(Stored items)

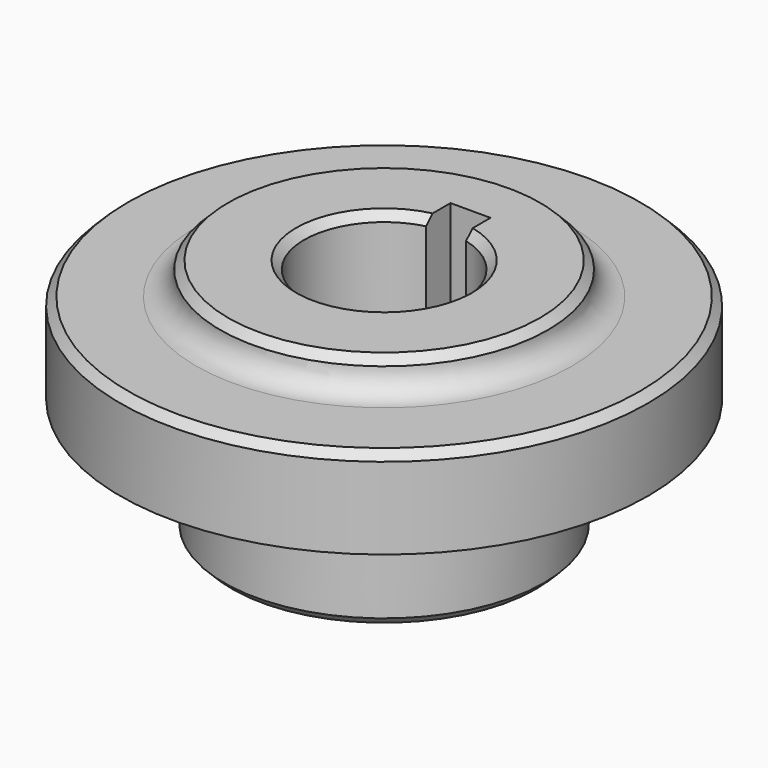
from build123d import *

# Parameters (mm, degrees)
F2_SIZE  = 1
F3_R     = 2.99999
F5_DEPTH = 30


# Not quite as in the source:
# - a fillet or chamfer is up to 0.001 mm smaller than in the source, because OpenCascade refuses the exact size


with BuildPart() as f1:
    # F0 (on Front) → F1 (revolve)
    with BuildSketch(Plane.XZ):
        Polygon((10, 30), (10, 0), (20, 0), (20, 14), (28.5, 14), (33, 14.7934714132), (33, 26), (20.5, 26), (20.5, 30), align=None)
    revolve(axis=Axis((0, 0, 2.9418331105), (0, 0, 1)))

    # F2
    f2_edges = [f1.edges().sort_by_distance(p)[0] for p in [
        (-20.5, 0, 30),
        (-33, 0, 26),
        (-20, 0, 0),
        (-10, 0, 30),
        (-10, 0, 0),
    ]]
    chamfer(f2_edges, length=F2_SIZE)

    # F3 (radius 3 in the source; OpenCascade refuses exactly that, so slightly less here)
    f3_edges = [f1.edges().sort_by_distance(p)[0] for p in [
        (-20, 0, 14),
        (-20.5, 0, 26),
    ]]
    fillet(f3_edges, radius=F3_R)

    # F4 (on face) → F5 (cut, through all)
    with BuildSketch(Plane.XY.offset(30)):
        with BuildLine():
            Line((2.5, 13.5), (-2.5, 13.5))
            Line((-2.5, 13.5), (-2.5, 10.7121426428))
            ThreePointArc((-2.5, 10.7121426428), (0, 11), (2.5, 10.7121426428))
            Line((2.5, 10.7121426428), (2.5, 13.5))
        make_face()
        with BuildLine():
            ThreePointArc((2.5, 10.7121426428), (0, 11), (-2.5, 10.7121426428))
            Line((-2.5, 10.7121426428), (-2.5, 9.6824583655))
            ThreePointArc((-2.5, 9.6824583655), (0, 10), (2.5, 9.6824583655))
            Line((2.5, 9.6824583655), (2.5, 10.7121426428))
        make_face()
    extrude(amount=-F5_DEPTH, mode=Mode.SUBTRACT)


solid = f1.part

» Task to complete: Exactly and only the lines from the line containing "# F4 (on face) → F5 (cut, through all)" through the final line of the records above must be returned.

» Response for this exercise:
    # F4 (on face) → F5 (cut, through all)
    with BuildSketch(Plane.XY.offset(30)):
        with BuildLine():
            Line((2.5, 13.5), (-2.5, 13.5))
            Line((-2.5, 13.5), (-2.5, 10.7121426428))
            ThreePointArc((-2.5, 10.7121426428), (0, 11), (2.5, 10.7121426428))
            Line((2.5, 10.7121426428), (2.5, 13.5))
        make_face()
        with BuildLine():
            ThreePointArc((2.5, 10.7121426428), (0, 11), (-2.5, 10.7121426428))
            Line((-2.5, 10.7121426428), (-2.5, 9.6824583655))
            ThreePointArc((-2.5, 9.6824583655), (0, 10), (2.5, 9.6824583655))
            Line((2.5, 9.6824583655), (2.5, 10.7121426428))
        make_face()
    extrude(amount=-F5_DEPTH, mode=Mode.SUBTRACT)


solid = f1.part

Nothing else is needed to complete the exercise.